The Janus Henderson Global Dividend Index said that U.S. dividends totaled a record $122.5 billion during the period, up 8.3%. Underlying U.S. growth, where it is adjusted for special dividends and changes in currency, saw a climb of 9.6%. Almost 90% of American companies featured in the index raised dividends, the highest increases coming from the banking sector.

Janus Henderson expects a record $1.43 trillion in dividend payments this year, up 4.2% in headline terms, led by North America, where growth is the fastest worldwide on an underlying basis.

A dividend is a portion of a company’s earnings that are paid out as a reward to shareholders. Janus Henderson analyzes dividends paid by the 1,200 largest firms by market capitalization and the research began in 2009.

UK lagging

Europe has seen relatively few dividends paid out in the first quarter, with headline growth of 9.2% boosted by special dividends while underlying growth of 5.3% was in line with the 2018 performance. The U.K. lagged the global average with 4.4% underlying growth.

The Asia-Pacific region has demonstrated the strongest dividend growth since 2009, and the year-on-year headline growth of 14.7% broke the record for first-quarter payouts.

Head of Global Equity Income Ben Lofthouse commented in the research that this “reflects a continuation of the robust growth witnessed in 2018, rather than necessarily setting the tone for another above trend year in 2019.”

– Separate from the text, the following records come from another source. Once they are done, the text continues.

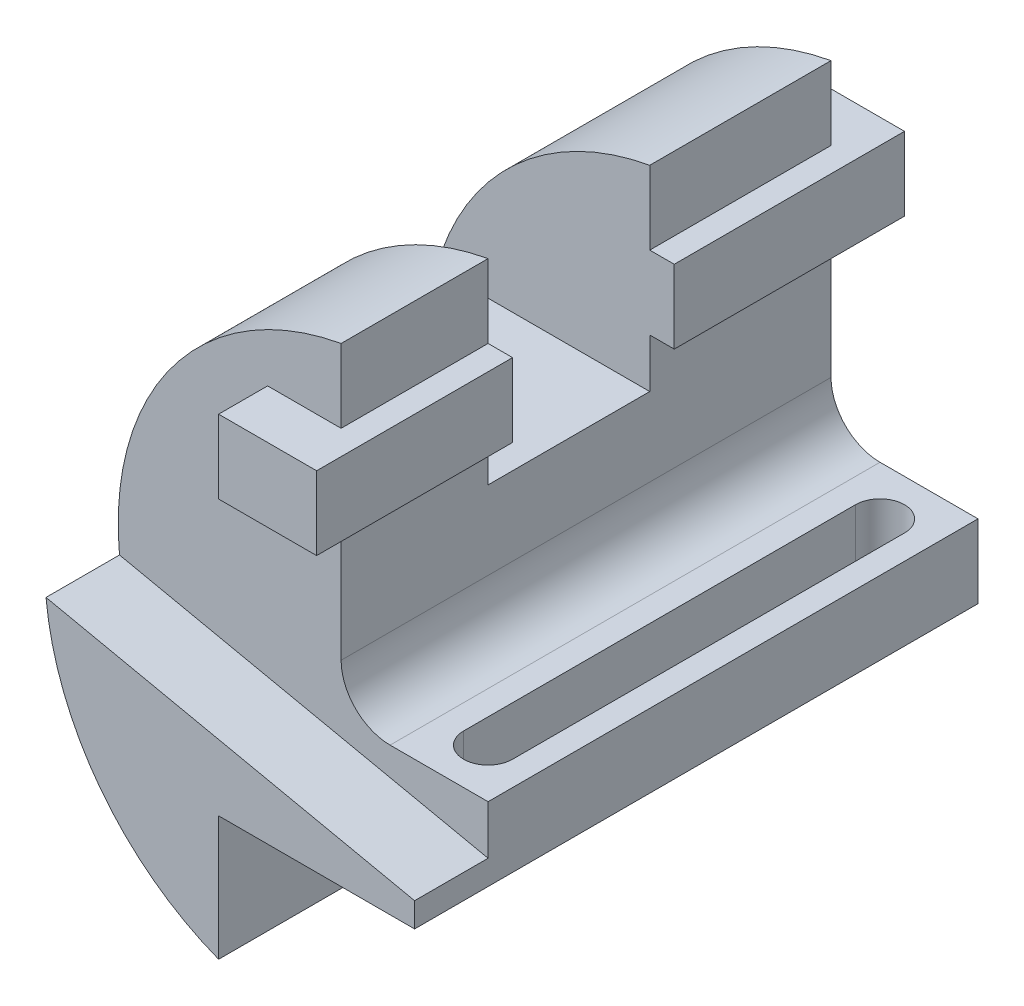
ISO-10303-21;
HEADER;
FILE_DESCRIPTION(('STEP AP214'),'2;1');
FILE_NAME('part.step','',(''),(''),'','','');
FILE_SCHEMA(('AUTOMOTIVE_DESIGN { 1 0 10303 214 1 1 1 1 }'));
ENDSEC;
DATA;
#1=APPLICATION_CONTEXT('core data for automotive mechanical design processes');
#2=APPLICATION_PROTOCOL_DEFINITION('international standard','automotive_design',2000,#1);
#3=PRODUCT_CONTEXT('',#1,'mechanical');
#4=PRODUCT('Part','Part','',(#3));
#5=PRODUCT_RELATED_PRODUCT_CATEGORY('part','',(#4));
#6=PRODUCT_DEFINITION_FORMATION('','',#4);
#7=PRODUCT_DEFINITION_CONTEXT('part definition',#1,'design');
#8=PRODUCT_DEFINITION('design','',#6,#7);
#9=PRODUCT_DEFINITION_SHAPE('','',#8);
#10=(LENGTH_UNIT() NAMED_UNIT(*) SI_UNIT(.MILLI.,.METRE.));
#11=(NAMED_UNIT(*) PLANE_ANGLE_UNIT() SI_UNIT($,.RADIAN.));
#12=(NAMED_UNIT(*) SI_UNIT($,.STERADIAN.) SOLID_ANGLE_UNIT());
#13=UNCERTAINTY_MEASURE_WITH_UNIT(LENGTH_MEASURE(1.E-05),#10,'distance_accuracy_value','');
#14=(GEOMETRIC_REPRESENTATION_CONTEXT(3) GLOBAL_UNCERTAINTY_ASSIGNED_CONTEXT((#13)) GLOBAL_UNIT_ASSIGNED_CONTEXT((#10,
#11,#12)) REPRESENTATION_CONTEXT('',''));
#15=CARTESIAN_POINT('',(0.,0.,0.));
#16=DIRECTION('',(0.,0.,1.));
#17=DIRECTION('',(1.,0.,0.));
#18=AXIS2_PLACEMENT_3D('',#15,#16,#17);
#19=CARTESIAN_POINT('',(-30.,25.0000000000001,115.));
#20=DIRECTION('',(-1.,0.,0.));
#21=DIRECTION('',(0.,0.,1.));
#22=AXIS2_PLACEMENT_3D('',#19,#20,#21);
#23=PLANE('',#22);
#24=DIRECTION('',(0.,0.,1.));
#25=VECTOR('',#24,1.);
#26=CARTESIAN_POINT('',(-30.,66.,115.));
#27=LINE('',#26,#25);
#28=CARTESIAN_POINT('',(-30.,66.,70.));
#29=VERTEX_POINT('',#28);
#30=CARTESIAN_POINT('',(-30.,66.,100.));
#31=VERTEX_POINT('',#30);
#32=EDGE_CURVE('E328',#29,#31,#27,.T.);
#33=ORIENTED_EDGE('',*,*,#32,.F.);
#34=DIRECTION('',(0.,1.,0.));
#35=VECTOR('',#34,1.);
#36=CARTESIAN_POINT('',(-30.,25.0000000000001,70.));
#37=LINE('',#36,#35);
#38=CARTESIAN_POINT('',(-30.0000000000001,81.,70.));
#39=VERTEX_POINT('',#38);
#40=EDGE_CURVE('E276',#29,#39,#37,.T.);
#41=ORIENTED_EDGE('',*,*,#40,.T.);
#42=DIRECTION('',(0.,0.,-1.));
#43=VECTOR('',#42,1.);
#44=CARTESIAN_POINT('',(-30.,81.,115.));
#45=LINE('',#44,#43);
#46=CARTESIAN_POINT('',(-30.,81.,100.));
#47=VERTEX_POINT('',#46);
#48=EDGE_CURVE('E405',#47,#39,#45,.T.);
#49=ORIENTED_EDGE('',*,*,#48,.F.);
#50=DIRECTION('',(0.,1.,0.));
#51=VECTOR('',#50,1.);
#52=CARTESIAN_POINT('',(-30.,25.0000000000001,100.));
#53=LINE('',#52,#51);
#54=EDGE_CURVE('E352',#31,#47,#53,.T.);
#55=ORIENTED_EDGE('',*,*,#54,.F.);
#56=EDGE_LOOP('',(#33,#41,#49,#55));
#57=FACE_BOUND('',#56,.T.);
#58=ADVANCED_FACE('F39',(#57),#23,.F.);
#59=CARTESIAN_POINT('',(-25.,66.,-10.));
#60=DIRECTION('',(-1.,0.,0.));
#61=DIRECTION('',(0.,-1.,0.));
#62=AXIS2_PLACEMENT_3D('',#59,#60,#61);
#63=PLANE('',#62);
#64=DIRECTION('',(0.,0.,1.));
#65=VECTOR('',#64,1.);
#66=CARTESIAN_POINT('',(-25.,51.,-10.));
#67=LINE('',#66,#65);
#68=CARTESIAN_POINT('',(-25.,51.,70.));
#69=VERTEX_POINT('',#68);
#70=CARTESIAN_POINT('',(-25.,51.,110.));
#71=VERTEX_POINT('',#70);
#72=EDGE_CURVE('E324',#69,#71,#67,.T.);
#73=ORIENTED_EDGE('',*,*,#72,.F.);
#74=DIRECTION('',(0.,1.,0.));
#75=VECTOR('',#74,1.);
#76=CARTESIAN_POINT('',(-25.,66.,70.));
#77=LINE('',#76,#75);
#78=CARTESIAN_POINT('',(-25.,66.,70.));
#79=VERTEX_POINT('',#78);
#80=EDGE_CURVE('E273',#69,#79,#77,.T.);
#81=ORIENTED_EDGE('',*,*,#80,.T.);
#82=DIRECTION('',(0.,0.,1.));
#83=VECTOR('',#82,1.);
#84=CARTESIAN_POINT('',(-25.,66.,-10.));
#85=LINE('',#84,#83);
#86=CARTESIAN_POINT('',(-25.,66.,110.));
#87=VERTEX_POINT('',#86);
#88=EDGE_CURVE('E312',#79,#87,#85,.T.);
#89=ORIENTED_EDGE('',*,*,#88,.T.);
#90=DIRECTION('',(0.,1.,0.));
#91=VECTOR('',#90,1.);
#92=CARTESIAN_POINT('',(-25.,66.,110.));
#93=LINE('',#92,#91);
#94=EDGE_CURVE('E297',#71,#87,#93,.T.);
#95=ORIENTED_EDGE('',*,*,#94,.F.);
#96=EDGE_LOOP('',(#73,#81,#89,#95));
#97=FACE_BOUND('',#96,.T.);
#98=ADVANCED_FACE('F455',(#97),#63,.F.);
#99=CARTESIAN_POINT('',(-25.,51.,-10.));
#100=DIRECTION('',(0.,1.,0.));
#101=DIRECTION('',(0.,0.,1.));
#102=AXIS2_PLACEMENT_3D('',#99,#100,#101);
#103=PLANE('',#102);
#104=DIRECTION('',(0.,0.,-1.));
#105=VECTOR('',#104,1.);
#106=CARTESIAN_POINT('',(-30.,51.,115.));
#107=LINE('',#106,#105);
#108=CARTESIAN_POINT('',(-30.,51.,100.));
#109=VERTEX_POINT('',#108);
#110=CARTESIAN_POINT('',(-30.,51.,70.));
#111=VERTEX_POINT('',#110);
#112=EDGE_CURVE('E339',#109,#111,#107,.T.);
#113=ORIENTED_EDGE('',*,*,#112,.T.);
#114=DIRECTION('',(1.,0.,0.));
#115=VECTOR('',#114,1.);
#116=CARTESIAN_POINT('',(-25.,51.,70.));
#117=LINE('',#116,#115);
#118=EDGE_CURVE('E279',#111,#69,#117,.T.);
#119=ORIENTED_EDGE('',*,*,#118,.T.);
#120=ORIENTED_EDGE('',*,*,#72,.T.);
#121=DIRECTION('',(1.,0.,0.));
#122=VECTOR('',#121,1.);
#123=CARTESIAN_POINT('',(-25.,51.,110.));
#124=LINE('',#123,#122);
#125=CARTESIAN_POINT('',(-45.,51.,110.));
#126=VERTEX_POINT('',#125);
#127=EDGE_CURVE('E300',#126,#71,#124,.T.);
#128=ORIENTED_EDGE('',*,*,#127,.F.);
#129=DIRECTION('',(0.,0.,1.));
#130=VECTOR('',#129,1.);
#131=CARTESIAN_POINT('',(-45.,51.,-10.));
#132=LINE('',#131,#130);
#133=CARTESIAN_POINT('',(-45.,51.,100.));
#134=VERTEX_POINT('',#133);
#135=EDGE_CURVE('E320',#134,#126,#132,.T.);
#136=ORIENTED_EDGE('',*,*,#135,.F.);
#137=DIRECTION('',(-1.,0.,0.));
#138=VECTOR('',#137,1.);
#139=CARTESIAN_POINT('',(-20.,51.,100.));
#140=LINE('',#139,#138);
#141=EDGE_CURVE('E420',#109,#134,#140,.T.);
#142=ORIENTED_EDGE('',*,*,#141,.F.);
#143=EDGE_LOOP('',(#113,#119,#120,#128,#136,#142));
#144=FACE_BOUND('',#143,.T.);
#145=ADVANCED_FACE('F463',(#144),#103,.F.);
#146=CARTESIAN_POINT('',(-25.,66.,-10.));
#147=DIRECTION('',(0.,-1.,0.));
#148=DIRECTION('',(0.,0.,-1.));
#149=AXIS2_PLACEMENT_3D('',#146,#147,#148);
#150=PLANE('',#149);
#151=ORIENTED_EDGE('',*,*,#88,.F.);
#152=DIRECTION('',(-1.,0.,0.));
#153=VECTOR('',#152,1.);
#154=CARTESIAN_POINT('',(-25.,66.,70.));
#155=LINE('',#154,#153);
#156=EDGE_CURVE('E426',#79,#29,#155,.T.);
#157=ORIENTED_EDGE('',*,*,#156,.T.);
#158=ORIENTED_EDGE('',*,*,#32,.T.);
#159=DIRECTION('',(1.,0.,0.));
#160=VECTOR('',#159,1.);
#161=CARTESIAN_POINT('',(-20.,66.,100.));
#162=LINE('',#161,#160);
#163=CARTESIAN_POINT('',(-45.,66.,100.));
#164=VERTEX_POINT('',#163);
#165=EDGE_CURVE('E414',#164,#31,#162,.T.);
#166=ORIENTED_EDGE('',*,*,#165,.F.);
#167=DIRECTION('',(0.,0.,1.));
#168=VECTOR('',#167,1.);
#169=CARTESIAN_POINT('',(-45.,66.,-10.));
#170=LINE('',#169,#168);
#171=CARTESIAN_POINT('',(-45.,66.,110.));
#172=VERTEX_POINT('',#171);
#173=EDGE_CURVE('E316',#164,#172,#170,.T.);
#174=ORIENTED_EDGE('',*,*,#173,.T.);
#175=DIRECTION('',(-1.,0.,0.));
#176=VECTOR('',#175,1.);
#177=CARTESIAN_POINT('',(-25.,66.,110.));
#178=LINE('',#177,#176);
#179=EDGE_CURVE('E294',#87,#172,#178,.T.);
#180=ORIENTED_EDGE('',*,*,#179,.F.);
#181=EDGE_LOOP('',(#151,#157,#158,#166,#174,#180));
#182=FACE_BOUND('',#181,.T.);
#183=ADVANCED_FACE('F474',(#182),#150,.F.);
#184=DIRECTION('',(0.,0.,1.));
#185=VECTOR('',#184,1.);
#186=CARTESIAN_POINT('',(-30.,41.,115.));
#187=LINE('',#186,#185);
#188=CARTESIAN_POINT('',(-30.,41.,37.));
#189=VERTEX_POINT('',#188);
#190=CARTESIAN_POINT('',(-30.,41.,70.));
#191=VERTEX_POINT('',#190);
#192=EDGE_CURVE('E288',#189,#191,#187,.T.);
#193=ORIENTED_EDGE('',*,*,#192,.T.);
#194=DIRECTION('',(0.,1.,0.));
#195=VECTOR('',#194,1.);
#196=CARTESIAN_POINT('',(-30.,25.0000000000001,70.));
#197=LINE('',#196,#195);
#198=EDGE_CURVE('E285',#191,#111,#197,.T.);
#199=ORIENTED_EDGE('',*,*,#198,.T.);
#200=ORIENTED_EDGE('',*,*,#112,.F.);
#201=CARTESIAN_POINT('',(-30.,25.0000000000001,100.));
#202=VERTEX_POINT('',#201);
#203=EDGE_CURVE('E353',#202,#109,#53,.T.);
#204=ORIENTED_EDGE('',*,*,#203,.F.);
#205=DIRECTION('',(0.,0.,-1.));
#206=VECTOR('',#205,1.);
#207=CARTESIAN_POINT('',(-30.,25.0000000000001,115.));
#208=LINE('',#207,#206);
#209=CARTESIAN_POINT('',(-30.,25.0000000000001,0.));
#210=VERTEX_POINT('',#209);
#211=EDGE_CURVE('E408',#202,#210,#208,.T.);
#212=ORIENTED_EDGE('',*,*,#211,.T.);
#213=DIRECTION('',(0.,1.,0.));
#214=VECTOR('',#213,1.);
#215=CARTESIAN_POINT('',(-30.,25.0000000000001,0.));
#216=LINE('',#215,#214);
#217=CARTESIAN_POINT('',(-30.,51.,0.));
#218=VERTEX_POINT('',#217);
#219=EDGE_CURVE('E388',#210,#218,#216,.T.);
#220=ORIENTED_EDGE('',*,*,#219,.T.);
#221=CARTESIAN_POINT('',(-30.,51.,37.));
#222=VERTEX_POINT('',#221);
#223=EDGE_CURVE('E338',#222,#218,#107,.T.);
#224=ORIENTED_EDGE('',*,*,#223,.F.);
#225=DIRECTION('',(0.,-1.,0.));
#226=VECTOR('',#225,1.);
#227=CARTESIAN_POINT('',(-30.,25.0000000000001,37.));
#228=LINE('',#227,#226);
#229=EDGE_CURVE('E270',#222,#189,#228,.T.);
#230=ORIENTED_EDGE('',*,*,#229,.T.);
#231=EDGE_LOOP('',(#193,#199,#200,#204,#212,#220,#224,#230));
#232=FACE_BOUND('',#231,.T.);
#233=ADVANCED_FACE('F459',(#232),#23,.F.);
#234=CARTESIAN_POINT('',(-30.0000000000001,81.,37.));
#235=VERTEX_POINT('',#234);
#236=CARTESIAN_POINT('',(-30.,81.,0.));
#237=VERTEX_POINT('',#236);
#238=EDGE_CURVE('E404',#235,#237,#45,.T.);
#239=ORIENTED_EDGE('',*,*,#238,.F.);
#240=DIRECTION('',(0.,-1.,0.));
#241=VECTOR('',#240,1.);
#242=CARTESIAN_POINT('',(-30.,25.0000000000001,37.));
#243=LINE('',#242,#241);
#244=CARTESIAN_POINT('',(-30.,66.,37.));
#245=VERTEX_POINT('',#244);
#246=EDGE_CURVE('E261',#235,#245,#243,.T.);
#247=ORIENTED_EDGE('',*,*,#246,.T.);
#248=CARTESIAN_POINT('',(-30.,66.,0.));
#249=VERTEX_POINT('',#248);
#250=EDGE_CURVE('E329',#249,#245,#27,.T.);
#251=ORIENTED_EDGE('',*,*,#250,.F.);
#252=EDGE_CURVE('E387',#249,#237,#216,.T.);
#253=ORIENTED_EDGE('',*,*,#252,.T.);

“Market expectations for corporate earnings have moderated in recent months as global economic momentum has slowed and forecasts may yet come down a bit further,” he added.

“Dividends are a lagging indicator of company health, so a reduction in their rate of increase is a normal consequence of slower earnings growth. Nevertheless, we do not yet feel the need to make changes to our dividend forecast for 2019.”

Investors can look forward to dividend growth of around 4% to 5% in 2019 and another record year for dividend payments, the report suggested.

Change in corporate culture for Japan?

The report specifically cited Japan as having exceeded the global average for the past five years as Japanese companies adapt to dividend culture.

Lofthouse told CNBC’s “Squawk Box Europe” Monday that “consistent dividend growth and the indulgence of external shareholders” could be indicating “real change in corporate culture” for Japan.

Emerging markets showed weaker growth of 2.2%, which the report attributed to these economies being the first to feel the effects of tighter U.S. monetary policy and global trade fears.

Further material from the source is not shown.